__WHAT YOU NEED TO DO__:
Find every line in the records below that holds the word "name" and copy it.

Records excerpted from a collection:
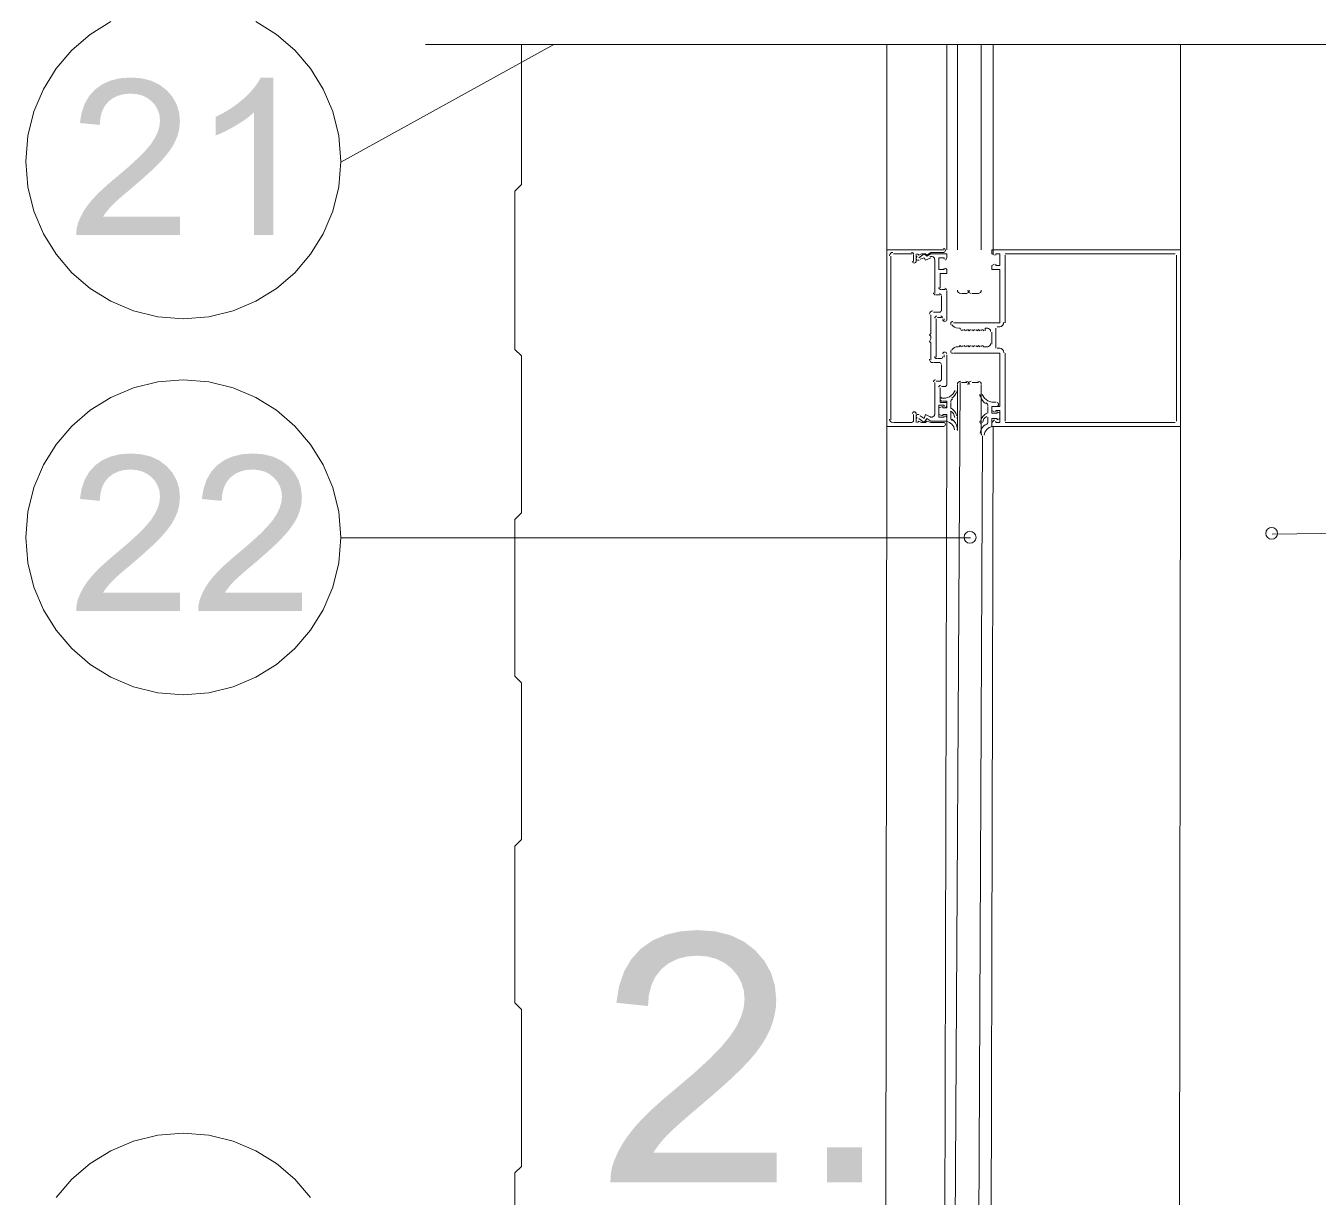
# Model space of a CAD drawing. Header units: millimetres. Extents: x 0 to 5940, y 0 to 8400.
# Drawn here: x 4492.7 to 4904.4, y 6908.8 to 7282 of the extents above; entities that cross this region are included whole.
import ezdxf

# ---------------------------------------------------------------- set-up
doc = ezdxf.new("R2010")
doc.units = ezdxf.units.MM
doc.header["$LTSCALE"] = 20
for name, color, linetype in [('1-CORTE-LINEAS', 7, 'Continuous'), ('1-CORTE-RELLENOS', 9, 'Continuous'), ('1-CORTE-ROJO', 1, 'Continuous')]:
    doc.layers.add(name, color=color, linetype=linetype)

msp = doc.modelspace()

# ---------------------------------------------------------------- hatches: boundary and pattern name
at = {"layer": '1-CORTE-RELLENOS'}
h = msp.add_hatch(color=7, dxfattribs=at)
h.dxf.hatch_style = 1
h.paths.add_polyline_path([(4541.83, 7221.22), (4541.83, 7215.32), (4508.76, 7215.32), (4508.78, 7216.41), (4508.9, 7217.48), (4509.13, 7218.54), (4509.47, 7219.57), (4510.2, 7221.26), (4511.11, 7222.94), (4512.21, 7224.6), (4513.5, 7226.24), (4515.05, 7227.93), (4516.91, 7229.75), (4519.07, 7231.71), (4521.54, 7233.79), (4525.29, 7236.97), (4528.37, 7239.8), (4530.8, 7242.26), (4532.57, 7244.37), (4533.82, 7246.3), (4534.71, 7248.18), (4535.25, 7250), (4535.43, 7251.76), (4535.27, 7253.53), (4534.77, 7255.15), (4533.95, 7256.62), (4532.79, 7257.93), (4531.39, 7259.02), (4529.79, 7259.79), (4528, 7260.26), (4526.01, 7260.41), (4523.91, 7260.25), (4522.02, 7259.75), (4520.35, 7258.93), (4518.9, 7257.77), (4517.74, 7256.32), (4516.91, 7254.61), (4516.42, 7252.65), (4516.25, 7250.44), (4509.91, 7251.04), (4510.47, 7254.36), (4511.47, 7257.25), (4512.92, 7259.73), (4514.82, 7261.79), (4517.12, 7263.43), (4519.78, 7264.6), (4522.8, 7265.31), (4526.17, 7265.54), (4529.57, 7265.29), (4532.59, 7264.53), (4535.25, 7263.27), (4537.53, 7261.52), (4539.38, 7259.41), (4540.71, 7257.06), (4541.51, 7254.48), (4541.77, 7251.65), (4541.69, 7250.14), (4541.45, 7248.64), (4541.06, 7247.16), (4540.51, 7245.7), (4539.79, 7244.24), (4538.87, 7242.74), (4537.75, 7241.21), (4536.43, 7239.63), (4534.78, 7237.88), (4532.66, 7235.83), (4530.07, 7233.47), (4527, 7230.81), (4524.46, 7228.68), (4522.43, 7226.93), (4520.91, 7225.54), (4519.89, 7224.53), (4519.15, 7223.7), (4518.47, 7222.88), (4517.85, 7222.05), (4517.3, 7221.22)])
h = msp.add_hatch(color=7, dxfattribs=at)
h.dxf.hatch_style = 1
h.paths.add_polyline_path([(4571.52, 7215.32), (4565.4, 7215.32), (4565.4, 7254.46), (4564.19, 7253.39), (4562.81, 7252.32), (4561.27, 7251.27), (4559.56, 7250.22), (4557.81, 7249.23), (4556.15, 7248.36), (4554.58, 7247.63), (4553.11, 7247.02), (4553.11, 7252.97), (4555.6, 7254.24), (4557.92, 7255.64), (4560.09, 7257.16), (4562.1, 7258.82), (4563.88, 7260.54), (4565.38, 7262.23), (4566.61, 7263.9), (4567.55, 7265.54), (4571.52, 7265.54)])
h = msp.add_hatch(color=7, dxfattribs=at)
h.dxf.hatch_style = 1
h.paths.add_polyline_path([(4541.83, 7101.42), (4541.83, 7095.52), (4508.76, 7095.52), (4508.78, 7096.61), (4508.9, 7097.68), (4509.13, 7098.73), (4509.47, 7099.77), (4510.2, 7101.46), (4511.11, 7103.14), (4512.21, 7104.8), (4513.5, 7106.44), (4515.05, 7108.13), (4516.91, 7109.95), (4519.07, 7111.9), (4521.54, 7113.99), (4525.29, 7117.17), (4528.37, 7119.99), (4530.8, 7122.46), (4532.57, 7124.57), (4533.82, 7126.5), (4534.71, 7128.37), (4535.25, 7130.19), (4535.43, 7131.96), (4535.27, 7133.72), (4534.77, 7135.34), (4533.95, 7136.81), (4532.79, 7138.13), (4531.39, 7139.22), (4529.79, 7139.99), (4528, 7140.46), (4526.01, 7140.61), (4523.91, 7140.45), (4522.02, 7139.95), (4520.35, 7139.12), (4518.9, 7137.97), (4517.74, 7136.51), (4516.91, 7134.81), (4516.42, 7132.85), (4516.25, 7130.63), (4509.91, 7131.24), (4510.47, 7134.56), (4511.47, 7137.45), (4512.92, 7139.93), (4514.82, 7141.99), (4517.12, 7143.63), (4519.78, 7144.8), (4522.8, 7145.5), (4526.17, 7145.74), (4529.57, 7145.48), (4532.59, 7144.73), (4535.25, 7143.47), (4537.53, 7141.71), (4539.38, 7139.61), (4540.71, 7137.26), (4541.51, 7134.67), (4541.77, 7131.85), (4541.69, 7130.34), (4541.45, 7128.84), (4541.06, 7127.36), (4540.51, 7125.89), (4539.79, 7124.44), (4538.87, 7122.94), (4537.75, 7121.4), (4536.43, 7119.83), (4534.78, 7118.08), (4532.66, 7116.03), (4530.07, 7113.67), (4527, 7111.01), (4524.46, 7108.88), (4522.43, 7107.13), (4520.91, 7105.74), (4519.89, 7104.73), (4519.15, 7103.9), (4518.47, 7103.07), (4517.85, 7102.25), (4517.3, 7101.42)])
h = msp.add_hatch(color=7, dxfattribs=at)
h.dxf.hatch_style = 1
h.paths.add_polyline_path([(4580.67, 7101.42), (4580.67, 7095.52), (4547.6, 7095.52), (4547.62, 7096.61), (4547.75, 7097.68), (4547.98, 7098.73), (4548.32, 7099.77), (4549.04, 7101.46), (4549.95, 7103.14), (4551.05, 7104.8), (4552.34, 7106.44), (4553.9, 7108.13), (4555.75, 7109.95), (4557.92, 7111.9), (4560.39, 7113.99), (4564.13, 7117.17), (4567.22, 7119.99), (4569.65, 7122.46), (4571.41, 7124.57), (4572.66, 7126.5), (4573.56, 7128.37), (4574.1, 7130.19), (4574.28, 7131.96), (4574.11, 7133.72), (4573.62, 7135.34), (4572.79, 7136.81), (4571.63, 7138.13), (4570.23, 7139.22), (4568.64, 7139.99), (4566.84, 7140.46), (4564.85, 7140.61), (4562.75, 7140.45), (4560.86, 7139.95), (4559.19, 7139.12), (4557.74, 7137.97), (4556.58, 7136.51), (4555.76, 7134.81), (4555.26, 7132.85), (4555.1, 7130.63), (4548.76, 7131.24), (4549.31, 7134.56), (4550.31, 7137.45), (4551.76, 7139.93), (4553.66, 7141.99), (4555.96, 7143.63), (4558.62, 7144.8), (4561.64, 7145.5), (4565.02, 7145.74), (4568.41, 7145.48), (4571.43, 7144.73), (4574.09, 7143.47), (4576.37, 7141.71), (4578.23, 7139.61), (4579.55, 7137.26), (4580.35, 7134.67), (4580.62, 7131.85), (4580.54, 7130.34), (4580.3, 7128.84), (4579.9, 7127.36), (4579.35, 7125.89), (4578.64, 7124.44), (4577.72, 7122.94), (4576.6, 7121.4), (4575.27, 7119.83), (4573.63, 7118.08), (4571.51, 7116.03), (4568.91, 7113.67), (4565.84, 7111.01), (4563.31, 7108.88), (4561.28, 7107.13), (4559.75, 7105.74), (4558.73, 7104.73), (4557.99, 7103.9), (4557.31, 7103.07), (4556.69, 7102.25), (4556.14, 7101.42)])
at = {"layer": '1-CORTE-ROJO'}
h = msp.add_hatch(color=1, dxfattribs=at)
h.dxf.hatch_style = 1
h.paths.add_polyline_path([(4731.85, 6922.92), (4731.85, 6913.49), (4678.93, 6913.49), (4678.96, 6915.24), (4679.16, 6916.96), (4679.54, 6918.66), (4680.09, 6920.33), (4681.25, 6923.01), (4682.71, 6925.68), (4684.48, 6928.33), (4686.54, 6930.96), (4689.02, 6933.68), (4692, 6936.61), (4695.47, 6939.74), (4699.44, 6943.09), (4705.41, 6948.15), (4710.33, 6952.66), (4714.2, 6956.61), (4717.02, 6960.01), (4719.05, 6963.11), (4720.49, 6966.11), (4721.36, 6969.03), (4721.65, 6971.86), (4721.39, 6974.66), (4720.6, 6977.23), (4719.29, 6979.57), (4717.46, 6981.68), (4715.21, 6983.43), (4712.63, 6984.69), (4709.75, 6985.45), (4706.55, 6985.7), (4703.19, 6985.43), (4700.18, 6984.64), (4697.51, 6983.31), (4695.19, 6981.45), (4693.33, 6979.12), (4691.99, 6976.38), (4691.18, 6973.22), (4690.89, 6969.66), (4680.81, 6970.71), (4681.68, 6976.01), (4683.27, 6980.65), (4685.57, 6984.61), (4688.58, 6987.9), (4692.26, 6990.51), (4696.52, 6992.37), (4701.35, 6993.48), (4706.77, 6993.86), (4712.23, 6993.46), (4717.08, 6992.26), (4721.35, 6990.26), (4725.01, 6987.46), (4727.95, 6984.07), (4730.05, 6980.31), (4731.32, 6976.17), (4731.74, 6971.64), (4731.61, 6969.23), (4731.24, 6966.85), (4730.62, 6964.49), (4729.75, 6962.16), (4728.62, 6959.82), (4727.16, 6957.41), (4725.37, 6954.94), (4723.25, 6952.41), (4720.58, 6949.61), (4717.17, 6946.33), (4713.01, 6942.58), (4708.09, 6938.35), (4704.07, 6934.93), (4700.84, 6932.11), (4698.39, 6929.89), (4696.74, 6928.26), (4695.55, 6926.94), (4694.46, 6925.6), (4693.48, 6924.26), (4692.6, 6922.92)])
h = msp.add_hatch(color=1, dxfattribs=at)
h.dxf.hatch_style = 1
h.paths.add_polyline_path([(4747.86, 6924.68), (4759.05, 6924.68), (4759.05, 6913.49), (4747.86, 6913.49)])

__ANSWER BOX__:
for name, color, linetype in [('1-CORTE-LINEAS', 7, 'Continuous'), ('1-CORTE-RELLENOS', 9, 'Continuous'), ('1-CORTE-ROJO', 1, 'Continuous')]:
    doc.layers.add(name, color=color, linetype=linetype)
# ---------------------------------------------------------------- hatches: boundary and pattern name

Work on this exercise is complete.